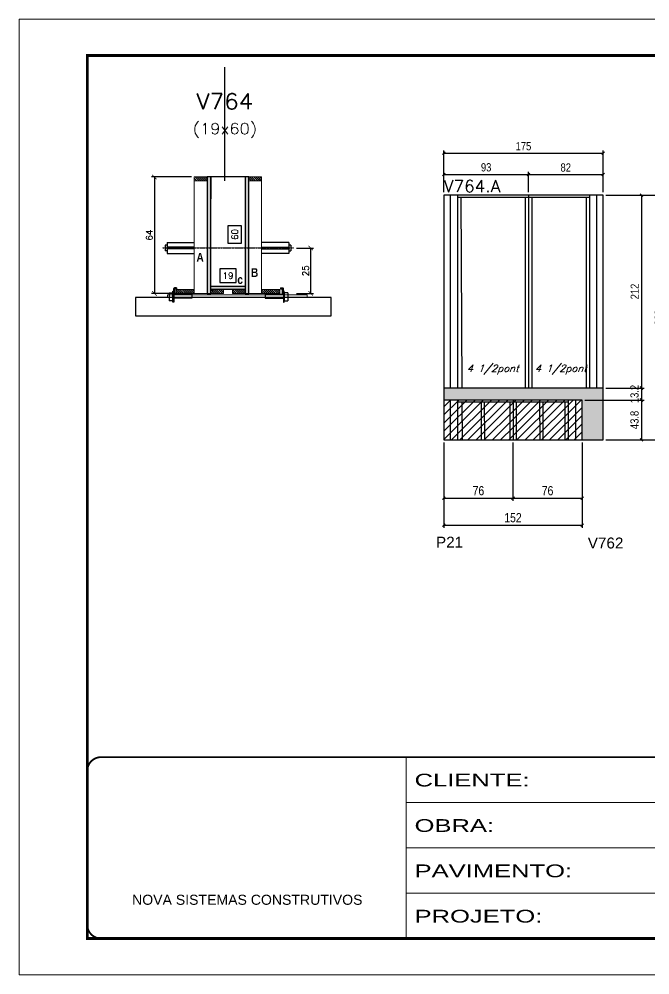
# Model space of a CAD drawing. Extents: x -20960 to -5926, y -2106 to 21915.
# Drawn here: x -7452 to -6759, y 8231 to 9281 of the extents above; entities that cross this region are included whole.
import ezdxf
from ezdxf.enums import TextEntityAlignment as Align

# ---------------------------------------------------------------- set-up
doc = ezdxf.new("R2010")
doc.units = 0
for name, pattern in [('CONTINUO', [0]), ('DASHED', [0.75, 0.5, -0.25]), ('HIDDEN', [0.375, 0.25, -0.125])]:
    doc.linetypes.add(name, pattern=pattern)
for name, color, linetype in [('5', 5, 'Continuous'), ('barrote', 251, 'Continuous'), ('COTA', 241, 'Continuous'), ('Cota Seção (2x)', 4, 'Continuous'), ('detalhes', 4, 'Continuous'), ('Painéis', 200, 'Continuous'), ('presilha', 1, 'Continuous'), ('Reaproveitamento', 251, 'Continuous'), ('SARR_2.2x7', 40, 'Continuous'), ('SARR_3.5x7', 81, 'Continuous'), ('TENSOR', 3, 'Continuous'), ('texto', 7, 'Continuous'), ('Texto de Titulo', 7, 'Continuous'), ('Texto Qtd Sarr', 242, 'Continuous')]:
    doc.layers.add(name, color=color, linetype=linetype)
for name, color, linetype, lineweight in [('CONCRETO', 251, 'Continuous', 25), ('Folhas', 255, 'Continuous', 9), ('Hachura', 251, 'Continuous', 9), ('Madeira', 126, 'Continuous', 18), ('SARRAFO DE PRESSAO', 251, 'DASHED', 9), ('SCO-___-LAJ', 2, 'Continuous', 0), ('Texto Seção', 7, 'Continuous', 15)]:
    doc.layers.add(name, color=color, linetype=linetype, lineweight=lineweight)
doc.styles.add('ARIAL', font='arial.ttf')
doc.styles.add('COTA TECNICA', font='techl___.ttf', dxfattribs={"height": 10})
doc.styles.add('COTA TECNICA-50', font='techl___.ttf', dxfattribs={"height": 9})
doc.styles.add('REGUA-120', font='ROMANS.shx', dxfattribs={"height": 15})
doc.styles.add('Romans', font='romans.shx')
doc.styles.get("Standard").update_dxf_attribs({"font": 'arial.ttf'})
doc.styles.add('TECNICA', font='techb___.ttf', dxfattribs={"height": 10})
doc.styles.add('Tecnologia', font='')
doc.styles.get('Tecnologia').set_extended_font_data('Forgotten Futurist')
doc.dimstyles.new('COTA PAINEL-50', dxfattribs={"dimtxt": 9, "dimasz": 3, "dimexe": 3, "dimexo": 3, "dimgap": 3, "dimtad": 1, "dimdec": 1, "dimzin": 12, "dimdsep": 46, "dimtxsty": 'COTA TECNICA-50', "dimblk1": 'OBLIQUE', "dimblk2": 'OBLIQUE', "dimsah": 1, "dimcen": 0.9, "dimclrd": 4, "dimclre": 4, "dimclrt": 240, "dimadec": 1, "dimazin": 3, "dimtfac": 1, "dimtdec": 1, "dimtmove": 0, "dimatfit": 3, "dimfxl": 1, "dimtolj": 1, "dimtzin": 12, "dimarcsym": 0})
doc.dimstyles.new('Cota Seção (2x)', dxfattribs={"dimtxt": 7, "dimasz": 5, "dimexe": 3, "dimexo": 3, "dimgap": 2, "dimtad": 3, "dimdec": 1, "dimlfac": 0.5, "dimzin": 12, "dimdsep": 46, "dimtxsty": 'Romans', "dimblk": 'ARCHTICK', "dimcen": 0, "dimclrd": 4, "dimclre": 4, "dimclrt": 1, "dimadec": 1, "dimazin": 3, "dimtfac": 1, "dimtdec": 1, "dimtmove": 0, "dimatfit": 3, "dimldrblk": 'OBLIQUE', "dimfxl": 1, "dimtolj": 1, "dimtzin": 12, "dimarcsym": 0})
doc.dimstyles.new('Cota Seção interna', dxfattribs={"dimtxt": 7, "dimasz": 6, "dimexe": 0.18, "dimexo": 2, "dimgap": -4, "dimtad": 3, "dimdec": 1, "dimlfac": 0.5, "dimzin": 12, "dimdsep": 46, "dimtxsty": 'Romans', "dimblk": 'ARCHTICK', "dimcen": 0.09, "dimse1": 1, "dimse2": 1, "dimsd1": 1, "dimsd2": 1, "dimclrd": 180, "dimclre": 5, "dimclrt": 1, "dimadec": 0, "dimazin": 3, "dimtfac": 1, "dimtdec": 1, "dimtofl": 0, "dimtmove": 0, "dimatfit": 3, "dimldrblk": 'ARCHTICK', "dimfxl": 1, "dimtolj": 1, "dimtzin": 0, "dimarcsym": 0})
doc.dimstyles.new('PAINEL', dxfattribs={"dimtxt": 10, "dimasz": 3, "dimexe": 3, "dimexo": 3, "dimgap": 3, "dimtad": 1, "dimdec": 1, "dimzin": 12, "dimdsep": 46, "dimtxsty": 'COTA TECNICA', "dimblk1": 'OBLIQUE', "dimblk2": 'OBLIQUE', "dimsah": 1, "dimcen": 0.9, "dimclrd": 4, "dimclre": 4, "dimclrt": 240, "dimadec": 1, "dimazin": 3, "dimtfac": 1, "dimtdec": 1, "dimtmove": 0, "dimatfit": 3, "dimfxl": 1, "dimtolj": 1, "dimtzin": 12, "dimarcsym": 0})
pattern_1 = [(45, (0, 1148.575), (-4.490128, 4.490128), [])]

# ---------------------------------------------------------------- blocks, each defined once
blk = doc.blocks.new('9999999999')
at = {"color": 30, "linetype": 'CONTINUO'}
for p, q in [((98564.6, 34230.2), (98564.6, 34429.4)), ((98564.6, 34379.6), (99584, 34379.6)), ((98564.6, 34329.8), (99488, 34329.8)), ((98564.6, 34280), (99488, 34280))]:
    blk.add_line(p, q, dxfattribs=at)
at = {"color": 30, "linetype": 'CONTINUO', "const_width": 2}
blk.add_lwpolyline([(99584, 34230.2), (99584, 34414.4, 0.414214), (99569, 34429.4), (98229, 34429.4, 0.414214), (98214, 34414.4), (98214, 34245.2, 0.414214), (98229, 34230.2), (99584, 34230.2)], format="xyb", dxfattribs=at)
at = {"layer": 'Folhas'}
blk.add_lwpolyline([(98139, 34190.2), (99624, 34190.2), (99624, 35240.2), (98139, 35240.2)], close=True, dxfattribs=at)
at = {"layer": 'Folhas', "color": 30, "const_width": 3}
blk.add_lwpolyline([(98214, 34230.2), (99584, 34230.2), (99584, 35200.2), (98214, 35200.2)], close=True, dxfattribs=at)
at = {"color": 7, "linetype": 'Continuous', "ltscale": 5, "style": 'ARIAL'}
blk.add_text('NOVA SISTEMAS CONSTRUTIVOS', height=11.059, dxfattribs=at).set_placement((98263.2, 34267.2))
at = {"layer": 'Folhas', "color": 7, "style": 'Tecnologia', "width": 1.5}
for s, p in [('CLIENTE:', (98573.7, 34397.2)), ('OBRA:', (98573.7, 34347.3)), ('PAVIMENTO:', (98573.7, 34297.5)), ('PROJETO:', (98573.7, 34247.7))]:
    blk.add_text(s, height=14, dxfattribs=at).set_placement(p)
blk = doc.blocks.new('*D1596')
at = {"layer": 'Cota Seção (2x)', "color": 180, "lineweight": -2, "transparency": 16777216}
for p, q in [((-7207.4, 9054), (-7222.4, 9054)), ((-7222.4, 9054), (-7222.4, 9035)), ((-7207.4, 9035), (-7207.4, 9054)), ((-7222.4, 9035), (-7207.4, 9035))]:
    blk.add_line(p, q, dxfattribs=at)
at = {"layer": 'Defpoints', "color": 0, "transparency": 16777216}
for p in [(-7203.4, 9107.7), (-7203.4, 9107.7), (-7203.4, 8987.7)]:
    blk.add_point(p, dxfattribs=at)
at = {"layer": 'Cota Seção (2x)', "color": 1, "transparency": 16777216, "insert": (-7214.9, 9044.5), "char_height": 7, "attachment_point": 5, "rotation": 90, "style": 'Romans'}
blk.add_mtext('\\A1;60', dxfattribs=at)
blk = doc.blocks.new('_ArchTick')
at = {"color": 0, "linetype": 'ByBlock', "const_width": 0.15}
blk.add_lwpolyline([(-0.5, -0.5), (0.5, 0.5)], dxfattribs=at)
blk = doc.blocks.new('PRESILHA METÁLICA 1')
at = {"layer": 'presilha'}
for p, q in [((7.5, 10.6), (7.5, 19.9)), ((12, 21), (8.6, 21)), ((9, 11.6), (9, 18.9)), ((12, 19.5), (9.6, 19.5)), ((12, 21), (12, 19.5)), ((0, 13), (6, 13)), ((0, 13), (0, 0)), ((6, 0), (0, 0)), ((6, 15.5), (7.5, 15.5)), ((6, -2.5), (6, 15.5)), ((6, 13), (6, 0)), ((7.5, 15.5), (7.5, -2.5)), ((37.5, 4.1), (7.5, 4.1)), ((37.5, 11), (9.6, 11)), ((37.5, 11), (37.5, 4.1)), ((7.5, -2.5), (6, -2.5))]:
    blk.add_line(p, q, dxfattribs=at)
for centre, radius, start, end in [((8.6, 19.9), 1.14, 90, 180), ((9.6, 18.9), 0.57, 90, 180), ((9.6, 11.6), 0.57, 180, 270)]:
    blk.add_arc(centre, radius, start, end, dxfattribs=at)
blk = doc.blocks.new('*D1597')
at = {"layer": 'Cota Seção (2x)', "color": 180, "lineweight": -2, "transparency": 16777216}
for p, q in [((-7213.4, 9006.7), (-7231.4, 9006.7)), ((-7231.4, 9006.7), (-7231.4, 8991.7)), ((-7213.4, 8991.7), (-7213.4, 9006.7)), ((-7231.4, 8991.7), (-7213.4, 8991.7))]:
    blk.add_line(p, q, dxfattribs=at)
at = {"layer": 'Defpoints', "color": 0, "transparency": 16777216}
for p in [(-7241.4, 8979.7), (-7203.4, 8987.7), (-7203.4, 8979.7)]:
    blk.add_point(p, dxfattribs=at)
at = {"layer": 'Cota Seção (2x)', "color": 1, "transparency": 16777216, "insert": (-7222.4, 8999.2), "char_height": 7, "attachment_point": 5, "style": 'Romans'}
blk.add_mtext('\\A1;19', dxfattribs=at)
blk = doc.blocks.new('*D1598')
at = {"layer": 'COTA', "color": 4, "lineweight": -2, "transparency": 16777216}
for p, q in [((-7262.4, 9107.7), (-7306.3, 9107.7)), ((-7303.3, 9107.7), (-7303.3, 8979.7)), ((-7262.4, 8979.7), (-7306.3, 8979.7))]:
    blk.add_line(p, q, dxfattribs=at)
at = {"layer": 'Defpoints', "color": 0, "transparency": 16777216}
for p in [(-7259.4, 9107.7), (-7303.3, 8979.7), (-7259.4, 8979.7)]:
    blk.add_point(p, dxfattribs=at)
at = {"layer": 'COTA', "color": 4, "lineweight": -2, "transparency": 16777216, "xscale": 5, "yscale": 5, "zscale": 5}
for p, rotation in [((-7303.3, 9107.7), 90), ((-7303.3, 8979.7), 270)]:
    blk.add_blockref('_ArchTick', p, dxfattribs=dict(at, rotation=rotation))
at = {"layer": 'COTA', "color": 1, "transparency": 16777216, "insert": (-7308.8, 9043.7), "char_height": 7, "attachment_point": 5, "rotation": 90, "style": 'Romans'}
blk.add_mtext('\\A1;64', dxfattribs=at)
blk = doc.blocks.new('_Oblique')
at = {"color": 0, "linetype": 'ByBlock', "lineweight": -2}
blk.add_line((-0.5, -0.5), (0.5, 0.5), dxfattribs=at)
blk = doc.blocks.new('*D1599')
at = {"layer": 'COTA', "color": 4, "lineweight": -2, "transparency": 16777216}
for p, q in [((-7147.1, 9029.6), (-7128.5, 9029.6)), ((-7131.5, 9029.6), (-7131.5, 8979.7)), ((-7147.1, 8979.7), (-7128.5, 8979.7))]:
    blk.add_line(p, q, dxfattribs=at)
at = {"layer": 'Defpoints', "color": 0, "transparency": 16777216}
for p in [(-7150.1, 9029.6), (-7150.1, 8979.7), (-7131.5, 8979.7)]:
    blk.add_point(p, dxfattribs=at)
at = {"layer": 'COTA', "color": 4, "lineweight": -2, "transparency": 16777216, "xscale": 5, "yscale": 5, "zscale": 5}
for p, rotation in [((-7131.5, 9029.6), 90), ((-7131.5, 8979.7), 270)]:
    blk.add_blockref('_ArchTick', p, dxfattribs=dict(at, rotation=rotation))
at = {"layer": 'COTA', "color": 1, "transparency": 16777216, "insert": (-7137, 9004.6), "char_height": 7, "attachment_point": 5, "rotation": 90, "style": 'Romans'}
blk.add_mtext('\\A1;25', dxfattribs=at)
blk = doc.blocks.new('titulo1')
at = {"layer": 'Defpoints', "color": 252, "linetype": 'HIDDEN', "ltscale": 2}
blk.add_line((0, 0), (0, 125), dxfattribs=at)
at = {"layer": 'Defpoints', "style": 'Romans', "oblique": 15}
blk.add_attdef('FOLHA', text='', height=10, dxfattribs=at).set_placement((0, 15.6), align=Align.MIDDLE_CENTER)
at = {"layer": 'Texto Qtd Sarr', "color": 3, "style": 'Romans', "oblique": 15}
for tag, height, p in [('TITULO', 17, (0, 71.4)), ('SEÇÃO', 12, (0, 41.5))]:
    blk.add_attdef(tag, text='', height=height, dxfattribs=at).set_placement(p, align=Align.MIDDLE_CENTER)
blk = doc.blocks.new('*D1600')
at = {"layer": 'COTA', "color": 4, "lineweight": -2, "ltscale": 25, "transparency": 16777216}
for p, q in [((-6985.1, 8815.8), (-6985.1, 8751.8)), ((-6909.1, 8815.8), (-6909.1, 8751.8)), ((-6985.1, 8754.8), (-6909.1, 8754.8))]:
    blk.add_line(p, q, dxfattribs=at)
at = {"layer": 'Defpoints', "color": 0, "ltscale": 25, "transparency": 16777216}
for p in [(-6985.1, 8818.8), (-6909.1, 8818.8), (-6909.1, 8754.8)]:
    blk.add_point(p, dxfattribs=at)
at = {"layer": 'COTA', "color": 4, "lineweight": -2, "ltscale": 25, "transparency": 16777216, "xscale": 3, "yscale": 3, "zscale": 3, "rotation": 180}
blk.add_blockref('_Oblique', (-6985.1, 8754.8), dxfattribs=at)
at = {"layer": 'COTA', "color": 4, "lineweight": -2, "ltscale": 25, "transparency": 16777216, "xscale": 3, "yscale": 3, "zscale": 3}
blk.add_blockref('_Oblique', (-6909.1, 8754.8), dxfattribs=at)
at = {"layer": 'COTA', "color": 240, "ltscale": 25, "transparency": 16777216, "insert": (-6947.1, 8762.9), "char_height": 10, "attachment_point": 5, "style": 'COTA TECNICA'}
blk.add_mtext('\\A1;76', dxfattribs=at)
blk = doc.blocks.new('*D1601')
at = {"layer": 'COTA', "color": 4, "lineweight": -2, "ltscale": 25, "transparency": 16777216}
for p, q in [((-6909.1, 8815.8), (-6909.1, 8751.8)), ((-6833.1, 8815.8), (-6833.1, 8751.8)), ((-6909.1, 8754.8), (-6833.1, 8754.8))]:
    blk.add_line(p, q, dxfattribs=at)
at = {"layer": 'Defpoints', "color": 0, "ltscale": 25, "transparency": 16777216}
for p in [(-6909.1, 8818.8), (-6833.1, 8818.8), (-6833.1, 8754.8)]:
    blk.add_point(p, dxfattribs=at)
at = {"layer": 'COTA', "color": 4, "lineweight": -2, "ltscale": 25, "transparency": 16777216, "xscale": 3, "yscale": 3, "zscale": 3, "rotation": 180}
blk.add_blockref('_Oblique', (-6909.1, 8754.8), dxfattribs=at)
at = {"layer": 'COTA', "color": 4, "lineweight": -2, "ltscale": 25, "transparency": 16777216, "xscale": 3, "yscale": 3, "zscale": 3}
blk.add_blockref('_Oblique', (-6833.1, 8754.8), dxfattribs=at)
at = {"layer": 'COTA', "color": 240, "ltscale": 25, "transparency": 16777216, "insert": (-6871.1, 8762.9), "char_height": 10, "attachment_point": 5, "style": 'COTA TECNICA'}
blk.add_mtext('\\A1;76', dxfattribs=at)
blk = doc.blocks.new('*D1602')
at = {"layer": 'COTA', "color": 4, "lineweight": -2, "ltscale": 25, "transparency": 16777216}
for p, q in [((-6985.1, 8815.8), (-6985.1, 8722.2)), ((-6833.1, 8815.8), (-6833.1, 8722.2)), ((-6985.1, 8725.2), (-6833.1, 8725.2))]:
    blk.add_line(p, q, dxfattribs=at)
at = {"layer": 'Defpoints', "color": 0, "ltscale": 25, "transparency": 16777216}
for p in [(-6985.1, 8818.8), (-6833.1, 8818.8), (-6833.1, 8725.2)]:
    blk.add_point(p, dxfattribs=at)
at = {"layer": 'COTA', "color": 4, "lineweight": -2, "ltscale": 25, "transparency": 16777216, "xscale": 3, "yscale": 3, "zscale": 3, "rotation": 180}
blk.add_blockref('_Oblique', (-6985.1, 8725.2), dxfattribs=at)
at = {"layer": 'COTA', "color": 4, "lineweight": -2, "ltscale": 25, "transparency": 16777216, "xscale": 3, "yscale": 3, "zscale": 3}
blk.add_blockref('_Oblique', (-6833.1, 8725.2), dxfattribs=at)
at = {"layer": 'COTA', "color": 240, "ltscale": 25, "transparency": 16777216, "insert": (-6909.1, 8733.3), "char_height": 10, "attachment_point": 5, "style": 'COTA TECNICA'}
blk.add_mtext('\\A1;152', dxfattribs=at)
blk = doc.blocks.new('*D1591')
at = {"layer": 'COTA', "color": 4, "lineweight": -2, "transparency": 16777216}
for p, q in [((-6807.1, 9087.8), (-6764.8, 9087.8)), ((-6767.8, 9087.8), (-6767.8, 8875.8)), ((-6807.1, 8875.8), (-6764.8, 8875.8))]:
    blk.add_line(p, q, dxfattribs=at)
at = {"layer": 'Defpoints', "color": 0, "transparency": 16777216}
for p in [(-6810.1, 9087.8), (-6810.1, 8875.8), (-6767.8, 8875.8)]:
    blk.add_point(p, dxfattribs=at)
at = {"layer": 'COTA', "color": 4, "lineweight": -2, "transparency": 16777216, "xscale": 3, "yscale": 3, "zscale": 3}
for p, rotation in [((-6767.8, 9087.8), 90), ((-6767.8, 8875.8), 270)]:
    blk.add_blockref('_Oblique', p, dxfattribs=dict(at, rotation=rotation))
at = {"layer": 'COTA', "color": 240, "transparency": 16777216, "insert": (-6775.3, 8981.8), "char_height": 9, "attachment_point": 5, "rotation": 90, "style": 'COTA TECNICA-50'}
blk.add_mtext('\\A1;212', dxfattribs=at)
blk = doc.blocks.new('*D1627')
at = {"layer": 'COTA', "color": 4, "lineweight": -2, "transparency": 16777216}
for p, q in [((-6985.1, 9090.8), (-6985.1, 9113.4)), ((-6985.1, 9110.4), (-6892.1, 9110.4)), ((-6892.1, 9090.8), (-6892.1, 9113.4))]:
    blk.add_line(p, q, dxfattribs=at)
at = {"layer": 'Defpoints', "color": 0, "transparency": 16777216}
for p in [(-6892.1, 9110.4), (-6985.1, 9087.8), (-6892.1, 9087.8)]:
    blk.add_point(p, dxfattribs=at)
at = {"layer": 'COTA', "color": 4, "lineweight": -2, "transparency": 16777216, "xscale": 3, "yscale": 3, "zscale": 3, "rotation": 180}
blk.add_blockref('_Oblique', (-6985.1, 9110.4), dxfattribs=at)
at = {"layer": 'COTA', "color": 4, "lineweight": -2, "transparency": 16777216, "xscale": 3, "yscale": 3, "zscale": 3}
blk.add_blockref('_Oblique', (-6892.1, 9110.4), dxfattribs=at)
at = {"layer": 'COTA', "color": 240, "transparency": 16777216, "insert": (-6938.6, 9118.2), "char_height": 9, "attachment_point": 5, "style": 'COTA TECNICA-50'}
blk.add_mtext('\\A1;93', dxfattribs=at)
blk = doc.blocks.new('*D1628')
at = {"layer": 'COTA', "color": 4, "lineweight": -2, "transparency": 16777216}
for p, q in [((-6892.1, 9090.8), (-6892.1, 9113.4)), ((-6892.1, 9110.4), (-6810.1, 9110.4)), ((-6810.1, 9090.8), (-6810.1, 9113.4))]:
    blk.add_line(p, q, dxfattribs=at)
at = {"layer": 'Defpoints', "color": 0, "transparency": 16777216}
for p in [(-6810.1, 9110.4), (-6892.1, 9087.8), (-6810.1, 9087.8)]:
    blk.add_point(p, dxfattribs=at)
at = {"layer": 'COTA', "color": 4, "lineweight": -2, "transparency": 16777216, "xscale": 3, "yscale": 3, "zscale": 3, "rotation": 180}
blk.add_blockref('_Oblique', (-6892.1, 9110.4), dxfattribs=at)
at = {"layer": 'COTA', "color": 4, "lineweight": -2, "transparency": 16777216, "xscale": 3, "yscale": 3, "zscale": 3}
blk.add_blockref('_Oblique', (-6810.1, 9110.4), dxfattribs=at)
at = {"layer": 'COTA', "color": 240, "transparency": 16777216, "insert": (-6851.1, 9118), "char_height": 9, "attachment_point": 5, "style": 'COTA TECNICA-50'}
blk.add_mtext('\\A1;82', dxfattribs=at)
blk = doc.blocks.new('*D1629')
at = {"layer": 'COTA', "color": 4, "lineweight": -2, "transparency": 16777216}
for p, q in [((-6985.1, 9090.8), (-6985.1, 9136.8)), ((-6810.1, 9090.8), (-6810.1, 9136.8)), ((-6985.1, 9133.8), (-6810.1, 9133.8))]:
    blk.add_line(p, q, dxfattribs=at)
at = {"layer": 'Defpoints', "color": 0, "transparency": 16777216}
for p in [(-6810.1, 9133.8), (-6985.1, 9087.8), (-6810.1, 9087.8)]:
    blk.add_point(p, dxfattribs=at)
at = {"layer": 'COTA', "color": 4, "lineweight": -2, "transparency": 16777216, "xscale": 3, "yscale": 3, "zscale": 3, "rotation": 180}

###

#### [About this exercise]
Filter the listing above so that only lines holding the word "start" remain, and report those lines.

#### [Answer space]
for centre, radius, start, end in [((8.6, 19.9), 1.14, 90, 180), ((9.6, 18.9), 0.57, 90, 180), ((9.6, 11.6), 0.57, 180, 270)]:
    blk.add_arc(centre, radius, start, end, dxfattribs=at)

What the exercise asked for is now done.